For the pointwise supremum of affine functions that are global underestimators of a convex function $f$,
$$h(x) = \text{sup}\{g(x)\ |\ g\ \text{affine}, \ g(z)\le f(z)\}$$
It can be shown that $h(x) = f(x)$ for $x \in \text{int dom }f$
Furthermore, if $f$ is closed, then $h(x)=f(x)$ for all $x \in \text{dom }f$
My question is why is it not the case that $h(x) = f(x)$ for all $x \in \text{dom }f$ when $f$ is open?
What I am thinking is that the pointwise supremum somehow applies closure to $f$ so that:
$$\text{epi }h = \text{cl epi }f$$
I believe this would imply that $h$ is equal to $f$ except at the point in boundary of the domain. I can't seem to prove this though. Thank you for reading and any help!
Let $f : \mathbb{R}_+ \to \mathbb{R}$ be defined by: $$f(x) = \begin{cases}1 & \text{if } x = 0 \\ 0 & \text{if } x > 0.\end{cases}$$ Note that $f$ is open and convex.

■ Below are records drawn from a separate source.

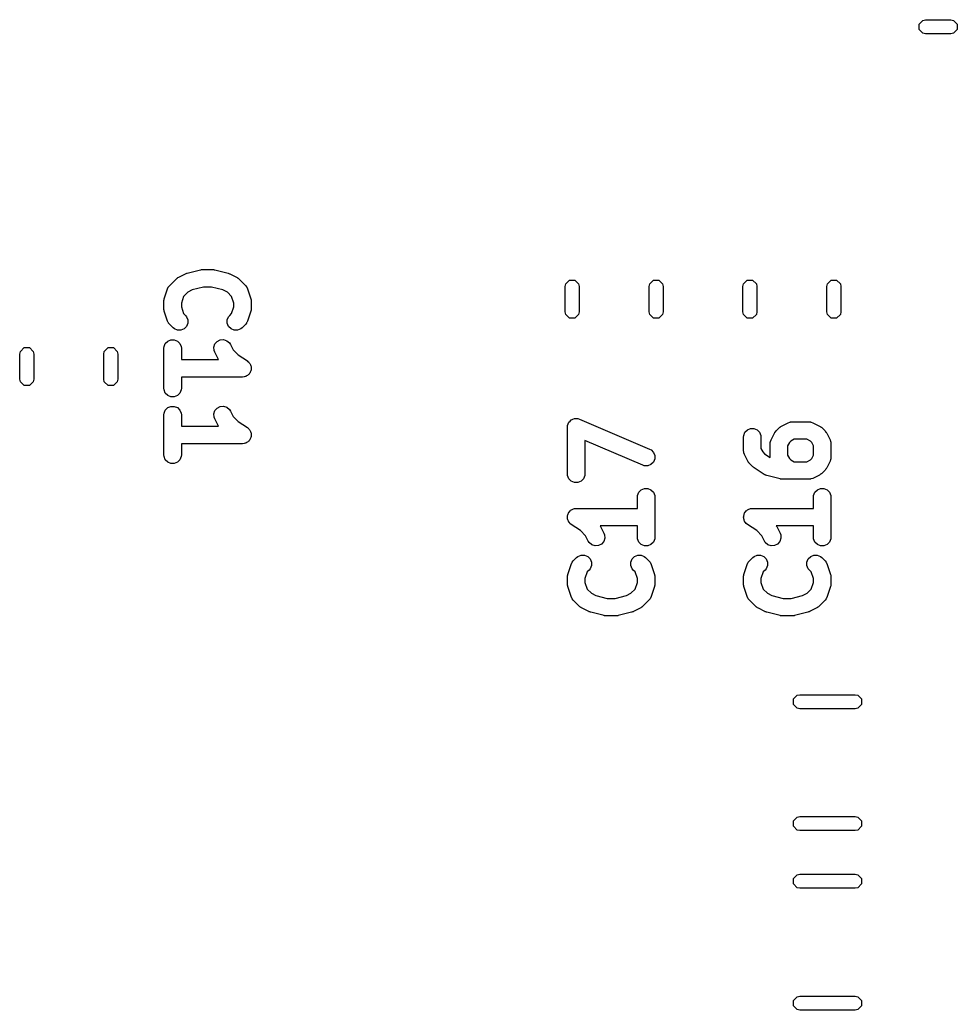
# Model space of a CAD drawing. Extents: x 53 to 255, y -141 to -27.
# Drawn here: x 111.88 to 119.91, y -126.45 to -117.96 of the extents above; entities that cross this region are included whole.
import ezdxf

# ---------------------------------------------------------------- set-up
doc = ezdxf.new("R2010")
doc.units = 0
doc.layers.add('BLACK', color=7, linetype='CONTINUOUS')

msp = doc.modelspace()

# ---------------------------------------------------------------- linework, layer by layer
at = {"layer": 'BLACK', "linetype": 'CONTINUOUS'}
for p, q in [((119.587202, -117.992355), (119.619674, -117.959883)), ((119.587202, -118.038277), (119.587202, -117.992355)), ((119.619674, -117.959883), (119.642635, -117.955316)), ((119.642635, -117.955316), (119.858307, -117.955316)), ((119.858307, -117.955316), (119.881268, -117.959883)), ((119.881268, -117.959883), (119.91374, -117.992355)), ((119.91374, -117.992355), (119.91374, -118.038277)), ((119.619674, -118.070749), (119.587202, -118.038277)), ((119.642635, -118.075316), (119.619674, -118.070749)), ((119.858307, -118.075316), (119.642635, -118.075316)), ((119.881268, -118.070749), (119.858307, -118.075316)), ((119.91374, -118.038277), (119.881268, -118.070749)), ((113.237688, -120.161399), (113.294832, -120.132828)), ((113.294832, -120.132828), (113.295899, -120.132419)), ((113.295899, -120.132419), (113.296336, -120.132096)), ((113.296336, -120.132096), (113.302496, -120.129894)), ((113.302496, -120.129894), (113.308564, -120.127573)), ((113.308564, -120.127573), (113.309102, -120.127534)), ((113.309102, -120.127534), (113.310182, -120.127149)), ((113.310182, -120.127149), (113.424467, -120.098577)), ((113.424467, -120.098577), (113.427005, -120.098201)), ((113.427005, -120.098201), (113.428026, -120.097779)), ((113.428026, -120.097779), (113.433537, -120.097236)), ((113.433537, -120.097236), (113.439012, -120.096427)), ((113.439012, -120.096427), (113.440104, -120.096589)), ((113.440104, -120.096589), (113.442658, -120.096338)), ((113.442658, -120.096338), (113.528372, -120.096338)), ((113.528372, -120.096338), (113.530925, -120.096589)), ((113.530925, -120.096589), (113.532018, -120.096427)), ((113.532018, -120.096427), (113.537491, -120.097236)), ((113.537491, -120.097236), (113.543004, -120.097779)), ((113.543004, -120.097779), (113.544025, -120.098201)), ((113.544025, -120.098201), (113.546562, -120.098577)), ((113.546562, -120.098577), (113.660848, -120.127149)), ((113.660848, -120.127149), (113.661927, -120.127534)), ((113.661927, -120.127534), (113.662467, -120.127573)), ((113.662467, -120.127573), (113.668548, -120.1299)), ((113.668548, -120.1299), (113.674694, -120.132096)), ((113.674694, -120.132096), (113.675129, -120.132418)), ((113.675129, -120.132418), (113.676199, -120.132828)), ((113.676199, -120.132828), (113.733342, -120.161399)), ((113.161054, -120.232591), (113.218196, -120.175448)), ((113.218196, -120.175448), (113.223948, -120.170727)), ((113.223948, -120.170727), (113.225246, -120.169231)), ((113.225246, -120.169231), (113.227501, -120.167811)), ((113.227501, -120.167811), (113.229561, -120.166121)), ((113.229561, -120.166121), (113.23139, -120.165363)), ((113.23139, -120.165363), (113.237688, -120.161399)), ((113.733342, -120.161399), (113.739641, -120.165363)), ((113.739641, -120.165363), (113.741469, -120.166121)), ((113.741469, -120.166121), (113.743525, -120.167809)), ((113.743525, -120.167809), (113.745785, -120.169231)), ((113.745785, -120.169231), (113.747084, -120.170729)), ((113.747084, -120.170729), (113.752834, -120.175448)), ((113.752834, -120.175448), (113.809977, -120.232591)), ((116.552239, -120.24273), (116.556806, -120.219769)), ((116.556806, -120.219769), (116.589278, -120.187297)), ((116.589278, -120.187297), (116.6352, -120.187297)), ((116.6352, -120.187297), (116.667672, -120.219769)), ((116.667672, -120.219769), (116.672239, -120.24273)), ((117.272239, -120.24273), (117.276806, -120.219769)), ((117.276806, -120.219769), (117.309278, -120.187297)), ((117.309278, -120.187297), (117.3552, -120.187297)), ((117.3552, -120.187297), (117.387672, -120.219769)), ((117.387672, -120.219769), (117.392239, -120.24273)), ((118.076239, -120.24273), (118.080806, -120.219769)), ((118.080806, -120.219769), (118.113278, -120.187297)), ((118.113278, -120.187297), (118.1592, -120.187297)), ((118.1592, -120.187297), (118.191672, -120.219769)), ((118.191672, -120.219769), (118.196239, -120.24273)), ((118.796239, -120.24273), (118.800806, -120.219769)), ((118.800806, -120.219769), (118.833278, -120.187297)), ((118.833278, -120.187297), (118.8792, -120.187297)), ((118.8792, -120.187297), (118.911672, -120.219769)), ((118.911672, -120.219769), (118.916239, -120.24273)), ((113.114364, -120.34762), (113.142936, -120.261906)), ((113.142936, -120.261906), (113.14893, -120.248481)), ((113.14893, -120.248481), (113.150695, -120.246445)), ((113.150695, -120.246445), (113.151726, -120.243957)), ((113.151726, -120.243957), (113.161054, -120.232591)), ((113.315656, -120.29012), (113.279639, -120.326137)), ((113.354547, -120.270674), (113.315656, -120.29012)), ((113.451892, -120.246338), (113.354547, -120.270674)), ((113.519138, -120.246338), (113.451892, -120.246338)), ((113.616483, -120.270675), (113.519138, -120.246338)), ((113.655373, -120.290119), (113.616483, -120.270675)), ((113.691392, -120.326138), (113.655373, -120.290119)), ((113.809977, -120.232591), (113.819304, -120.243956)), ((113.819304, -120.243956), (113.820335, -120.246446)), ((113.820335, -120.246446), (113.822101, -120.248482)), ((113.822101, -120.248482), (113.828095, -120.261907)), ((113.828095, -120.261907), (113.856666, -120.347621)), ((116.552239, -120.458402), (116.552239, -120.24273)), ((116.672239, -120.24273), (116.672239, -120.458402)), ((117.272239, -120.458402), (117.272239, -120.24273)), ((117.392239, -120.24273), (117.392239, -120.458402)), ((118.076239, -120.458402), (118.076239, -120.24273)), ((118.196239, -120.24273), (118.196239, -120.458402)), ((118.796239, -120.458402), (118.796239, -120.24273)), ((118.916239, -120.24273), (118.916239, -120.458402)), ((113.110515, -120.371338), (113.111244, -120.363932)), ((113.110515, -120.428481), (113.110515, -120.371338)), ((113.111104, -120.361957), (113.111694, -120.359359)), ((113.111244, -120.363932), (113.111104, -120.361957)), ((113.111694, -120.359359), (113.111956, -120.356706)), ((113.111956, -120.356706), (113.112714, -120.354875)), ((113.112714, -120.354875), (113.114364, -120.34762)), ((113.279639, -120.326137), (113.260515, -120.383509)), ((113.260515, -120.383509), (113.260515, -120.416309)), ((113.710515, -120.383507), (113.691392, -120.326138)), ((113.710515, -120.416312), (113.710515, -120.383507)), ((113.856666, -120.347621), (113.858315, -120.354874)), ((113.858315, -120.354874), (113.859074, -120.356706)), ((113.859074, -120.356706), (113.859335, -120.35936)), ((113.859335, -120.35936), (113.859926, -120.361958)), ((113.859926, -120.361958), (113.859785, -120.363932)), ((113.859785, -120.363932), (113.860515, -120.371338)), ((113.860515, -120.371338), (113.860515, -120.428481)), ((113.111244, -120.435886), (113.110515, -120.428481)), ((113.111104, -120.437862), (113.111244, -120.435886)), ((113.111694, -120.440459), (113.111104, -120.437862)), ((113.111956, -120.443113), (113.111694, -120.440459)), ((113.112714, -120.444943), (113.111956, -120.443113)), ((113.114364, -120.452199), (113.112714, -120.444943)), ((113.142936, -120.537913), (113.114364, -120.452199)), ((113.260515, -120.416309), (113.279639, -120.473681)), ((113.279639, -120.473681), (113.295692, -120.489735)), ((113.675339, -120.489734), (113.691392, -120.473681)), ((113.691392, -120.473681), (113.710515, -120.416312)), ((113.856666, -120.452198), (113.828095, -120.537912)), ((113.858315, -120.444944), (113.856666, -120.452198)), ((113.859074, -120.443113), (113.858315, -120.444944)), ((113.859335, -120.440458), (113.859074, -120.443113)), ((113.859926, -120.437861), (113.859335, -120.440458)), ((113.860515, -120.428481), (113.859785, -120.435886)), ((113.859785, -120.435886), (113.859926, -120.437861)), ((116.556806, -120.481363), (116.552239, -120.458402)), ((116.589278, -120.513835), (116.556806, -120.481363)), ((116.667672, -120.481363), (116.6352, -120.513835)), ((116.672239, -120.458402), (116.667672, -120.481363)), ((117.276806, -120.481363), (117.272239, -120.458402)), ((117.309278, -120.513835), (117.276806, -120.481363)), ((117.387672, -120.481363), (117.3552, -120.513835)), ((117.392239, -120.458402), (117.387672, -120.481363)), ((118.080806, -120.481363), (118.076239, -120.458402)), ((118.113278, -120.513835), (118.080806, -120.481363)), ((118.191672, -120.481363), (118.1592, -120.513835)), ((118.196239, -120.458402), (118.191672, -120.481363)), ((118.800806, -120.481363), (118.796239, -120.458402)), ((118.833278, -120.513835), (118.800806, -120.481363)), ((118.911672, -120.481363), (118.8792, -120.513835)), ((118.916239, -120.458402), (118.911672, -120.481363)), ((113.14893, -120.551338), (113.142936, -120.537913)), ((113.150695, -120.553373), (113.14893, -120.551338)), ((113.151726, -120.555862), (113.150695, -120.553373)), ((113.161053, -120.567227), (113.151726, -120.555862)), ((113.189624, -120.595799), (113.161053, -120.567227)), ((113.295692, -120.489735), (113.305019, -120.5011)), ((113.316217, -120.5574), (113.305018, -120.584436)), ((113.305019, -120.5011), (113.316217, -120.528137)), ((113.316217, -120.528137), (113.316217, -120.5574)), ((113.654813, -120.528136), (113.666012, -120.501099)), ((113.654813, -120.557398), (113.654813, -120.528136)), ((113.666012, -120.584435), (113.654813, -120.557398)), ((113.666012, -120.501099), (113.675339, -120.489734)), ((113.809977, -120.567228), (113.781405, -120.5958)), ((113.819305, -120.555863), (113.809977, -120.567228)), ((113.820337, -120.55337), (113.819305, -120.555863)), ((113.822101, -120.551337), (113.820337, -120.55337)), ((113.828095, -120.537912), (113.822101, -120.551337)), ((116.6352, -120.513835), (116.589278, -120.513835)), ((117.3552, -120.513835), (117.309278, -120.513835)), ((118.1592, -120.513835), (118.113278, -120.513835)), ((118.8792, -120.513835), (118.833278, -120.513835)), ((113.200989, -120.605127), (113.189624, -120.595799)), ((113.228025, -120.616326), (113.200989, -120.605127)), ((113.257288, -120.616326), (113.228025, -120.616326)), ((113.284324, -120.605128), (113.257288, -120.616326)), ((113.305018, -120.584436), (113.284324, -120.605128)), ((113.686704, -120.605127), (113.666012, -120.584435)), ((113.713741, -120.616326), (113.686704, -120.605127)), ((113.743003, -120.616326), (113.713741, -120.616326)), ((113.77004, -120.605127), (113.743003, -120.616326)), ((113.781405, -120.5958), (113.77004, -120.605127)), ((113.111956, -120.756706), (113.123155, -120.72967)), ((113.123155, -120.72967), (113.143847, -120.708978)), ((113.143847, -120.708978), (113.170883, -120.697779)), ((113.170883, -120.697779), (113.200147, -120.697779)), ((113.200147, -120.697779), (113.227183, -120.708978)), ((113.227183, -120.708978), (113.247875, -120.72967)), ((113.247875, -120.72967), (113.259074, -120.756706)), ((113.539676, -120.761957), (113.54893, -120.734196)), ((113.54893, -120.734196), (113.568104, -120.712088)), ((113.568104, -120.712088), (113.594278, -120.699001)), ((113.594278, -120.699001), (113.623468, -120.696927)), ((113.623468, -120.696927), (113.651229, -120.706181)), ((113.651229, -120.706181), (113.673337, -120.725355)), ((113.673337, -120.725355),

Let's look at $h(0)$. What affine functions $g(x)=ax+b$ satisfy $g(z) \leq f(z)$ for all $z \geq 0$? You need $a\leq 0$ as otherwise $g(z)>f(z)$ for $z>-b/a$. You also need $b \leq 0$ as otherwise $g(z)>f(z)$ for sufficiently small $z$. Therefore, $g(0) \leq 0$, and $h(0)=0$.